2. Convolutional neural network

The convolution kernel is a filter consisting of 100 pre-training features of size 10 x 10. The filter may extract features of the input image. The step size of the filter is set to 5, and each filter convolves the input image to obtain a feature map with the size of 9 × 21. Then, pooling is performed for each 3 × 3 region of the feature map, and the pooling algorithm is an averaging, thereby obtaining a feature map with a size of 3 × 7. All 2100 nodes of the feature map are input into a neural network (namely a hidden layer) containing 350 nodes, and the features of a higher layer are further extracted while the dimension is reduced, so that the classifier can further conveniently distinguish.

3. Discriminant classifier

The mathematical model of the discriminant classifier is a SoftMax function. The minimum value of the cost function of the SoftMax regression algorithm can be solved by a gradient descent method, and a unique optimal solution is obtained.

4. Training of hidden layer and discriminant classifier cascade network

When the parameters need to be updated, the tracker should be retrained. The filter parameters need not be updated, and the parameters of the hidden layer and discriminant classifier need to be updated. And training the network formed by cascading the hidden layer and the discriminant classifier by using a gradient descent method as a whole. The training algorithm comprises the following steps: (1) performing feedforward transmission, and calculating feature maps after convolution and pooling, hidden layer weighted sum, activation value vector and classification probability vector; (2) calculating a residual error; (3) calculating a partial derivative; (4) updating the parameters; (5) and (4) repeating the steps (1) - (4) until convergence.
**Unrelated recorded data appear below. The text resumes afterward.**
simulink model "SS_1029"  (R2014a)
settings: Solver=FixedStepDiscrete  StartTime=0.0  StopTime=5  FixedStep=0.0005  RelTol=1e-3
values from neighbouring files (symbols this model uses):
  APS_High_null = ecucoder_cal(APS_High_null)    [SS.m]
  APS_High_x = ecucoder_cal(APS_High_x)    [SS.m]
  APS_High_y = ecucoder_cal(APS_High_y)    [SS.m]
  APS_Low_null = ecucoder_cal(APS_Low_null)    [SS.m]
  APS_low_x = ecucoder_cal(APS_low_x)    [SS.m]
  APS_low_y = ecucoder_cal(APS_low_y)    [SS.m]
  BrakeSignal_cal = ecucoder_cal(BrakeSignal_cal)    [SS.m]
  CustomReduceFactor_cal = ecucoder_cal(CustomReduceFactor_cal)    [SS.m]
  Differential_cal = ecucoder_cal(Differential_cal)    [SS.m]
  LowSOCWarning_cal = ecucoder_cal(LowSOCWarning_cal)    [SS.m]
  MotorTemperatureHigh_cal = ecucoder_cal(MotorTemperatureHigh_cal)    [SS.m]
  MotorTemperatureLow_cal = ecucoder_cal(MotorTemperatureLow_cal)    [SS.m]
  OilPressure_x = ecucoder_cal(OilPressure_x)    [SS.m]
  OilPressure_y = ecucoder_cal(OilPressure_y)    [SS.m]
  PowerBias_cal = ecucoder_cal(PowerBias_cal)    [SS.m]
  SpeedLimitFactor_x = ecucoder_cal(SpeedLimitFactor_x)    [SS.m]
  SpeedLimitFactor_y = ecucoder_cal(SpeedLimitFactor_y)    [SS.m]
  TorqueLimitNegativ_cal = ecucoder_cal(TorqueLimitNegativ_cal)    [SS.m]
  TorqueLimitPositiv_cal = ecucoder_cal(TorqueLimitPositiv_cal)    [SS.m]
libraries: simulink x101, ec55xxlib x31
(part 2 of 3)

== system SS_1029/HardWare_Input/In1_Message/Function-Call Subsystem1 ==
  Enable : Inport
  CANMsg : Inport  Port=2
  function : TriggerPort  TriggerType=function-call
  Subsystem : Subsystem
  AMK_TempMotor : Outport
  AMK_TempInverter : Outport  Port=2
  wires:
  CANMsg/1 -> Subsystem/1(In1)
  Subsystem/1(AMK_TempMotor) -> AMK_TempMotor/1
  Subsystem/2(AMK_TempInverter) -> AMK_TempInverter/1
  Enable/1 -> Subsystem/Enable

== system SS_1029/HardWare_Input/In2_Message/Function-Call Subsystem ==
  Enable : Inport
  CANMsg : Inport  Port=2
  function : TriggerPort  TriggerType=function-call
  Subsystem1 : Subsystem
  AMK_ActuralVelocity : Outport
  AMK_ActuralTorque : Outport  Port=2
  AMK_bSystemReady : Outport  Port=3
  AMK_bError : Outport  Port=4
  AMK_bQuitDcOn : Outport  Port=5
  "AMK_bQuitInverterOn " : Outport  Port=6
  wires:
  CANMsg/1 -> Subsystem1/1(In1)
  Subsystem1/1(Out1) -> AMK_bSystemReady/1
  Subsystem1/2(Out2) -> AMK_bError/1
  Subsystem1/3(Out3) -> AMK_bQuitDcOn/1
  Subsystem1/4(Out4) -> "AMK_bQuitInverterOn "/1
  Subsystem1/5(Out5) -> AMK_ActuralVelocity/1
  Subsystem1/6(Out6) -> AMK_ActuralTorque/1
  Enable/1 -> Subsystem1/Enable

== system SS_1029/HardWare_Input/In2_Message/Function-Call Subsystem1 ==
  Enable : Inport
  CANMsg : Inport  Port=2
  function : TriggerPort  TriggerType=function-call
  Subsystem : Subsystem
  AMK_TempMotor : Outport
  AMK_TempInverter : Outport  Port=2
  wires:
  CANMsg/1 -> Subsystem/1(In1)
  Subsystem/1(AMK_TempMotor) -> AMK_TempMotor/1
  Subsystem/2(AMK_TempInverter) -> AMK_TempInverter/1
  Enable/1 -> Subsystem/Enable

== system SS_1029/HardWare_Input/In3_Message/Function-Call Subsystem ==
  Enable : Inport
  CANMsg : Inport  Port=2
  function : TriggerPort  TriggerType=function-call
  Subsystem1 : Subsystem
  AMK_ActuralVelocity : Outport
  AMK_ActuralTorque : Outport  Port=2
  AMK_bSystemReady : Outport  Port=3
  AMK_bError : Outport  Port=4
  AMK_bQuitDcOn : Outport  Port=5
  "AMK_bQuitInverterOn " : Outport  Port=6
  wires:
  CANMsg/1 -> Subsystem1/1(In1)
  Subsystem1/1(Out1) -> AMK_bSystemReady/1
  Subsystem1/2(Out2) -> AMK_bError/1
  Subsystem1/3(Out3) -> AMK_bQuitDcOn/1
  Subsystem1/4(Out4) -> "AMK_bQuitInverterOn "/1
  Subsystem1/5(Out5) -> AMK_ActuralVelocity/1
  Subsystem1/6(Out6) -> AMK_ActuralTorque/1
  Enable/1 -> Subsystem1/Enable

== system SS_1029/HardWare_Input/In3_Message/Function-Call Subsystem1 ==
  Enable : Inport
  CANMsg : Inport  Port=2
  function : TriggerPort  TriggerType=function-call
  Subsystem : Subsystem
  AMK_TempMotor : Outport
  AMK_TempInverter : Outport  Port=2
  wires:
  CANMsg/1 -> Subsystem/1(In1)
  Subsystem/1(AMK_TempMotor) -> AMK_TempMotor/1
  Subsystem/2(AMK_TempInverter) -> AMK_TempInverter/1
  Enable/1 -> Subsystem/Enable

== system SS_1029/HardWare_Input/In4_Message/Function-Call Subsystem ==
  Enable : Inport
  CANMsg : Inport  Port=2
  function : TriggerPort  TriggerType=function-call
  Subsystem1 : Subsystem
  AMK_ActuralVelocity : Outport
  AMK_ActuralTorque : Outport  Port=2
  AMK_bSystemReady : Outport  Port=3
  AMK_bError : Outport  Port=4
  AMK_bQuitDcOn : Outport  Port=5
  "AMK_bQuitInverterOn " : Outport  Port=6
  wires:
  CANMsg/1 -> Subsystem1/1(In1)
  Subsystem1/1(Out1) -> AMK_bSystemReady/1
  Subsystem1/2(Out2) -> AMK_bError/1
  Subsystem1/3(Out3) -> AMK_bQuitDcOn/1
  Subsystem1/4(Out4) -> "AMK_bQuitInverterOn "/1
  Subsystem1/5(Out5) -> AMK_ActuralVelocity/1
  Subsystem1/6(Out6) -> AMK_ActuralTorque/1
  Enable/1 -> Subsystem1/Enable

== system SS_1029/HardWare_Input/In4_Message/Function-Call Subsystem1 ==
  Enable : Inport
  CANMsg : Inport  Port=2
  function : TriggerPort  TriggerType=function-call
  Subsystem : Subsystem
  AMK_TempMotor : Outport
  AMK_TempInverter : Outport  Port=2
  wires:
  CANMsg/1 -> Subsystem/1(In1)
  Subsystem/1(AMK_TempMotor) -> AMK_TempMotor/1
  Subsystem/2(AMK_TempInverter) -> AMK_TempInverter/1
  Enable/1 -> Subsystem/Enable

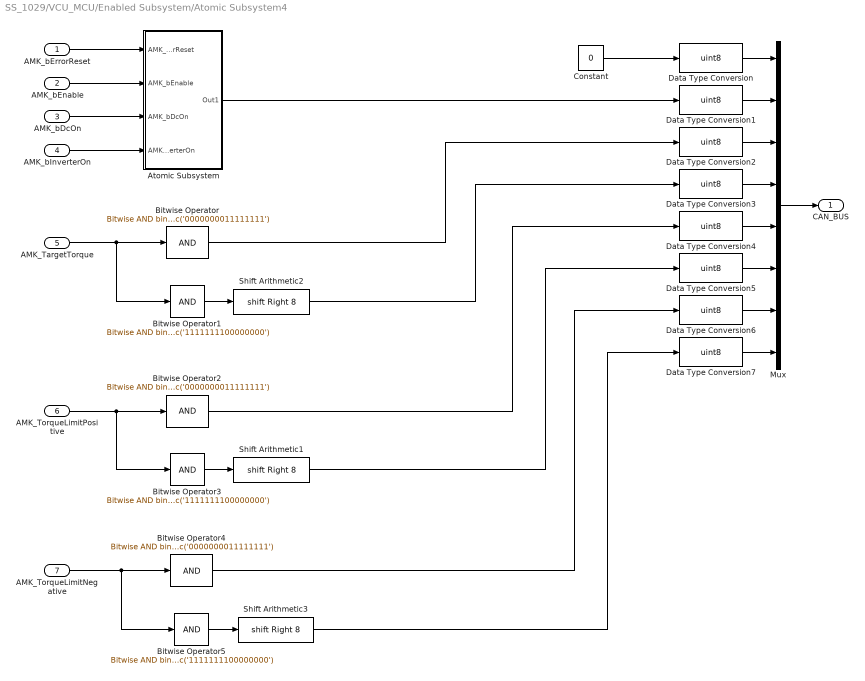
== system SS_1029/VCU_MCU/Enabled Subsystem/Atomic Subsystem4 ==
  AMK_bErrorReset : Inport
  AMK_bEnable : Inport  Port=2
  AMK_bDcOn : Inport  Port=3
  AMK_bInverterOn : Inport  Port=4
  AMK_TargetTorque : Inport  Port=5
  AMK_TorqueLimitPositive : Inport  Port=6
  AMK_TorqueLimitNegative : Inport  Port=7
  Atomic Subsystem : Subsystem  TreatAsAtomicUnit=on
  Bitwise Operator : simulink/Logic and Bit Operations/Bitwise Operator  logicop=AND  UseBitMask=on  BitMask=bin2dec('0000000011111111')  BitMaskRealWorld=Stored Integer
  Bitwise Operator1 : simulink/Logic and Bit Operations/Bitwise Operator  logicop=AND  UseBitMask=on  BitMask=bin2dec('1111111100000000')  BitMaskRealWorld=Stored Integer
  Bitwise Operator2 : simulink/Logic and Bit Operations/Bitwise Operator  logicop=AND  UseBitMask=on  BitMask=bin2dec('0000000011111111')  BitMaskRealWorld=Stored Integer
  Bitwise Operator3 : simulink/Logic and Bit Operations/Bitwise Operator  logicop=AND  UseBitMask=on  BitMask=bin2dec('1111111100000000')  BitMaskRealWorld=Stored Integer
  Bitwise Operator4 : simulink/Logic and Bit Operations/Bitwise Operator  logicop=AND  UseBitMask=on  BitMask=bin2dec('0000000011111111')  BitMaskRealWorld=Stored Integer
  Bitwise Operator5 : simulink/Logic and Bit Operations/Bitwise Operator  logicop=AND  UseBitMask=on  BitMask=bin2dec('1111111100000000')  BitMaskRealWorld=Stored Integer
  Constant : Constant  Value=0  OutDataTypeStr=uint8  SampleTime=-1
  Data Type Conversion{,1..7} (8 alike) : DataTypeConversion  OutDataTypeStr=uint8
  Mux : Mux  Inputs=8
  Shift Arithmetic1 : ArithShift  BitShiftNumber=8  BitShiftDirection=Right
  Shift Arithmetic2 : ArithShift  BitShiftNumber=8  BitShiftDirection=Right
  Shift Arithmetic3 : ArithShift  BitShiftNumber=8  BitShiftDirection=Right
  CAN_BUS : Outport
  wires:
  Mux/1 -> CAN_BUS/1
  Data Type Conversion/1 -> Mux/1
  Data Type Conversion1/1 -> Mux/2
  Data Type Conversion2/1 -> Mux/3
  Data Type Conversion3/1 -> Mux/4
  Data Type Conversion4/1 -> Mux/5
  Data Type Conversion5/1 -> Mux/6
  Data Type Conversion6/1 -> Mux/7
  Data Type Conversion7/1 -> Mux/8
  Constant/1 -> Data Type Conversion/1
  AMK_bErrorReset/1 -> Atomic Subsystem/1(AMK_bErrorReset)
  AMK_bEnable/1 -> Atomic Subsystem/2(AMK_bEnable)
  AMK_bDcOn/1 -> Atomic Subsystem/3(AMK_bDcOn)
  AMK_bInverterOn/1 -> Atomic Subsystem/4(AMK_bInverterOn)
  Atomic Subsystem/1(Out1) -> Data Type Conversion1/1
  AMK_TargetTorque/1 -> Bitwise Operator1/1, Bitwise Operator/1
  Bitwise Operator/1 -> Data Type Conversion2/1
  Bitwise Operator1/1 -> Shift Arithmetic2/1
  Shift Arithmetic2/1 -> Data Type Conversion3/1
  AMK_TorqueLimitPositive/1 -> Bitwise Operator3/1, Bitwise Operator2/1
  Bitwise Operator3/1 -> Shift Arithmetic1/1
  Bitwise Operator2/1 -> Data Type Conversion4/1
  Shift Arithmetic1/1 -> Data Type Conversion5/1
  AMK_TorqueLimitNegative/1 -> Bitwise Operator5/1, Bitwise Operator4/1
  Bitwise Operator5/1 -> Shift Arithmetic3/1
  Bitwise Operator4/1 -> Data Type Conversion6/1
  Shift Arithmetic3/1 -> Data Type Conversion7/1

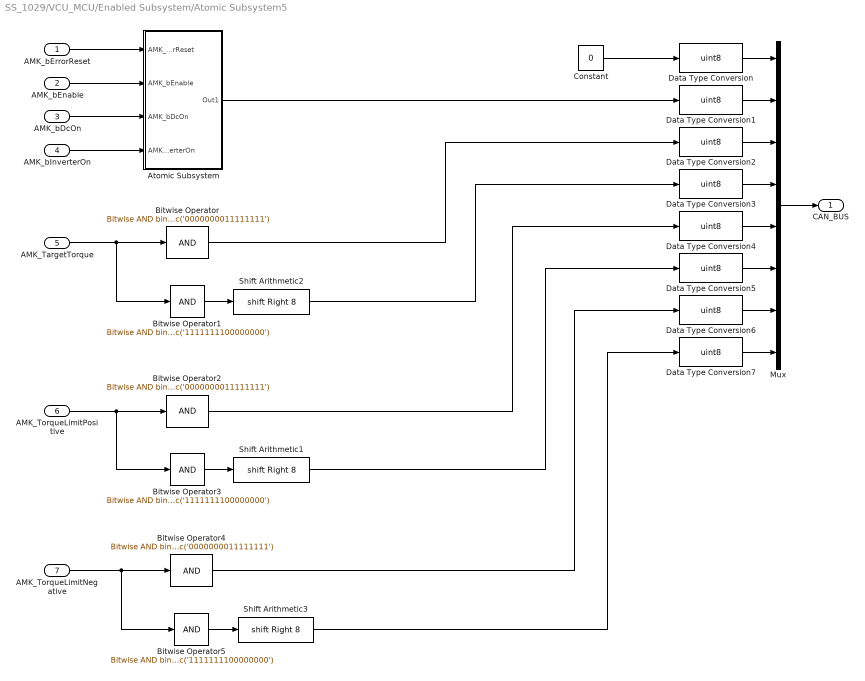
== system SS_1029/VCU_MCU/Enabled Subsystem/Atomic Subsystem5 ==
  AMK_bErrorReset : Inport
  AMK_bEnable : Inport  Port=2
  AMK_bDcOn : Inport  Port=3
  AMK_bInverterOn : Inport  Port=4
  AMK_TargetTorque : Inport  Port=5
  AMK_TorqueLimitPositive : Inport  Port=6
  AMK_TorqueLimitNegative : Inport  Port=7
  Atomic Subsystem : Subsystem  TreatAsAtomicUnit=on
  Bitwise Operator : simulink/Logic and Bit Operations/Bitwise Operator  logicop=AND  UseBitMask=on  BitMask=bin2dec('0000000011111111')  BitMaskRealWorld=Stored Integer
  Bitwise Operator1 : simulink/Logic and Bit Operations/Bitwise Operator  logicop=AND  UseBitMask=on  BitMask=bin2dec('1111111100000000')  BitMaskRealWorld=Stored Integer
  Bitwise Operator2 : simulink/Logic and Bit Operations/Bitwise Operator  logicop=AND  UseBitMask=on  BitMask=bin2dec('0000000011111111')  BitMaskRealWorld=Stored Integer
  Bitwise Operator3 : simulink/Logic and Bit Operations/Bitwise Operator  logicop=AND  UseBitMask=on  BitMask=bin2dec('1111111100000000')  BitMaskRealWorld=Stored Integer
  Bitwise Operator4 : simulink/Logic and Bit Operations/Bitwise Operator  logicop=AND  UseBitMask=on  BitMask=bin2dec('0000000011111111')  BitMaskRealWorld=Stored Integer
  Bitwise Operator5 : simulink/Logic and Bit Operations/Bitwise Operator  logicop=AND  UseBitMask=on  BitMask=bin2dec('1111111100000000')  BitMaskRealWorld=Stored Integer
  Constant : Constant  Value=0  OutDataTypeStr=uint8  SampleTime=-1
  Data Type Conversion{,1..7} (8 alike) : DataTypeConversion  OutDataTypeStr=uint8
  Mux : Mux  Inputs=8
  Shift Arithmetic1 : ArithShift  BitShiftNumber=8  BitShiftDirection=Right
  Shift Arithmetic2 : ArithShift  BitShiftNumber=8  BitShiftDirection=Right
  Shift Arithmetic3 : ArithShift  BitShiftNumber=8  BitShiftDirection=Right
  CAN_BUS : Outport
  wires:
  Mux/1 -> CAN_BUS/1
  Data Type Conversion/1 -> Mux/1
  Data Type Conversion1/1 -> Mux/2
  Data Type Conversion2/1 -> Mux/3
  Data Type Conversion3/1 -> Mux/4
  Data Type Conversion4/1 -> Mux/5
  Data Type Conversion5/1 -> Mux/6
  Data Type Conversion6/1 -> Mux/7
  Data Type Conversion7/1 -> Mux/8
  Constant/1 -> Data Type Conversion/1
  AMK_bErrorReset/1 -> Atomic Subsystem/1(AMK_bErrorReset)
  AMK_bEnable/1 -> Atomic Subsystem/2(AMK_bEnable)
  AMK_bDcOn/1 -> Atomic Subsystem/3(AMK_bDcOn)
  AMK_bInverterOn/1 -> Atomic Subsystem/4(AMK_bInverterOn)
  Atomic Subsystem/1(Out1) -> Data Type Conversion1/1
  AMK_TargetTorque/1 -> Bitwise Operator1/1, Bitwise Operator/1
  Bitwise Operator/1 -> Data Type Conversion2/1
  Bitwise Operator1/1 -> Shift Arithmetic2/1
  Shift Arithmetic2/1 -> Data Type Conversion3/1
  AMK_TorqueLimitPositive/1 -> Bitwise Operator3/1, Bitwise Operator2/1
  Bitwise Operator3/1 -> Shift Arithmetic1/1
  Bitwise Operator2/1 -> Data Type Conversion4/1
  Shift Arithmetic1/1 -> Data Type Conversion5/1
  AMK_TorqueLimitNegative/1 -> Bitwise Operator5/1, Bitwise Operator4/1
  Bitwise Operator5/1 -> Shift Arithmetic3/1
  Bitwise Operator4/1 -> Data Type Conversion6/1
  Shift Arithmetic3/1 -> Data Type Conversion7/1

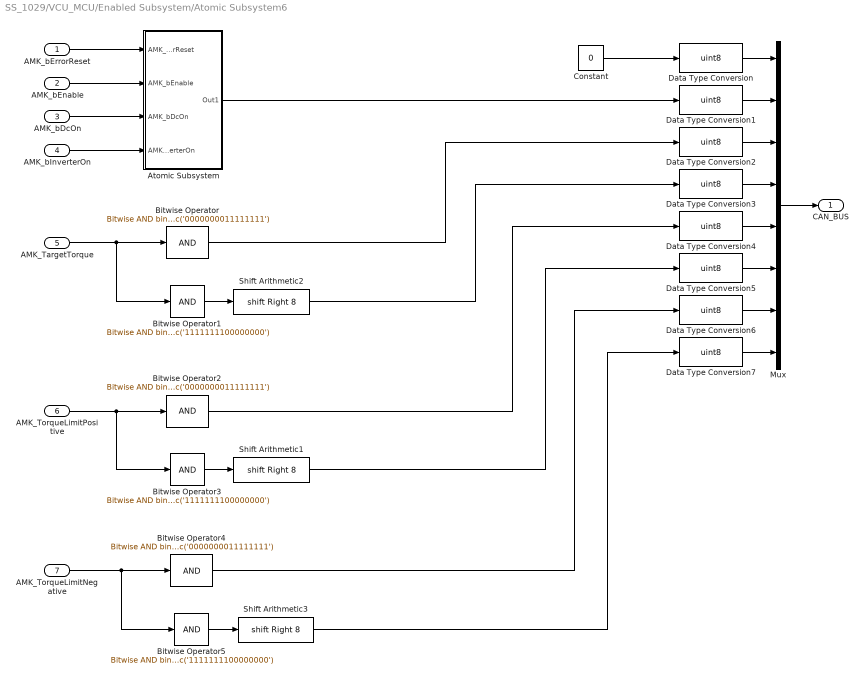
== system SS_1029/VCU_MCU/Enabled Subsystem/Atomic Subsystem6 ==
  AMK_bErrorReset : Inport
  AMK_bEnable : Inport  Port=2
  AMK_bDcOn : Inport  Port=3
  AMK_bInverterOn : Inport  Port=4
  AMK_TargetTorque : Inport  Port=5
  AMK_TorqueLimitPositive : Inport  Port=6
  AMK_TorqueLimitNegative : Inport  Port=7
  Atomic Subsystem : Subsystem  TreatAsAtomicUnit=on
  Bitwise Operator : simulink/Logic and Bit Operations/Bitwise Operator  logicop=AND  UseBitMask=on  BitMask=bin2dec('0000000011111111')  BitMaskRealWorld=Stored Integer
  Bitwise Operator1 : simulink/Logic and Bit Operations/Bitwise Operator  logicop=AND  UseBitMask=on  BitMask=bin2dec('1111111100000000')  BitMaskRealWorld=Stored Integer
  Bitwise Operator2 : simulink/Logic and Bit Operations/Bitwise Operator  logicop=AND  UseBitMask=on  BitMask=bin2dec('0000000011111111')  BitMaskRealWorld=Stored Integer
  Bitwise Operator3 : simulink/Logic and Bit Operations/Bitwise Operator  logicop=AND  UseBitMask=on  BitMask=bin2dec('1111111100000000')  BitMaskRealWorld=Stored Integer
  Bitwise Operator4 : simulink/Logic and Bit Operations/Bitwise Operator  logicop=AND  UseBitMask=on  BitMask=bin2dec('0000000011111111')  BitMaskRealWorld=Stored Integer
  Bitwise Operator5 : simulink/Logic and Bit Operations/Bitwise Operator  logicop=AND  UseBitMask=on  BitMask=bin2dec('1111111100000000')  BitMaskRealWorld=Stored Integer
  Constant : Constant  Value=0  OutDataTypeStr=uint8  SampleTime=-1
  Data Type Conversion{,1..7} (8 alike) : DataTypeConversion  OutDataTypeStr=uint8
  Mux : Mux  Inputs=8
  Shift Arithmetic1 : ArithShift  BitShiftNumber=8  BitShiftDirection=Right
  Shift Arithmetic2 : ArithShift  BitShiftNumber=8  BitShiftDirection=Right
  Shift Arithmetic3 : ArithShift  BitShiftNumber=8  BitShiftDirection=Right
  CAN_BUS : Outport
  wires:
  Mux/1 -> CAN_BUS/1
  Data Type Conversion/1 -> Mux/1
  Data Type Conversion1/1 -> Mux/2
  Data Type Conversion2/1 -> Mux/3
  Data Type Conversion3/1 -> Mux/4
  Data Type Conversion4/1 -> Mux/5
  Data Type Conversion5/1 -> Mux/6
  Data Type Conversion6/1 -> Mux/7
  Data Type Conversion7/1 -> Mux/8
  Constant/1 -> Data Type Conversion/1
  AMK_bErrorReset/1 -> Atomic Subsystem/1(AMK_bErrorReset)
  AMK_bEnable/1 -> Atomic Subsystem/2(AMK_bEnable)
  AMK_bDcOn/1 -> Atomic Subsystem/3(AMK_bDcOn)
  AMK_bInverterOn/1 -> Atomic Subsystem/4(AMK_bInverterOn)
  Atomic Subsystem/1(Out1) -> Data Type Conversion1/1
  AMK_TargetTorque/1 -> Bitwise Operator1/1, Bitwise Operator/1
  Bitwise Operator/1 -> Data Type Conversion2/1
  Bitwise Operator1/1 -> Shift Arithmetic2/1
  Shift Arithmetic2/1 -> Data Type Conversion3/1
  AMK_TorqueLimitPositive/1 -> Bitwise Operator3/1, Bitwise Operator2/1
  Bitwise Operator3/1 -> Shift Arithmetic1/1
  Bitwise Operator2/1 -> Data Type Conversion4/1
  Shift Arithmetic1/1 -> Data Type Conversion5/1
  AMK_TorqueLimitNegative/1 -> Bitwise Operator5/1, Bitwise Operator4/1
  Bitwise Operator5/1 -> Shift Arithmetic3/1
  Bitwise Operator4/1 -> Data Type Conversion6/1
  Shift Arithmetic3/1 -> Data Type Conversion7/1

The relevant parameter settings for the process of the invention are shown in table 1.

TABLE 1 parameter settings

The method of the present invention was compared with ivt (inclusive Visual tracking), scm (sparse collectivity model), mil (multiple instant learning) methods on a self-built building doorway monitoring video data set, and the performance was as shown in table 2. From the result, the tracking accuracy of the method is closer to that of other algorithms, the execution efficiency is slightly higher than that of other algorithms, and the method is better than other algorithms in the aspects of robustness and counting precision.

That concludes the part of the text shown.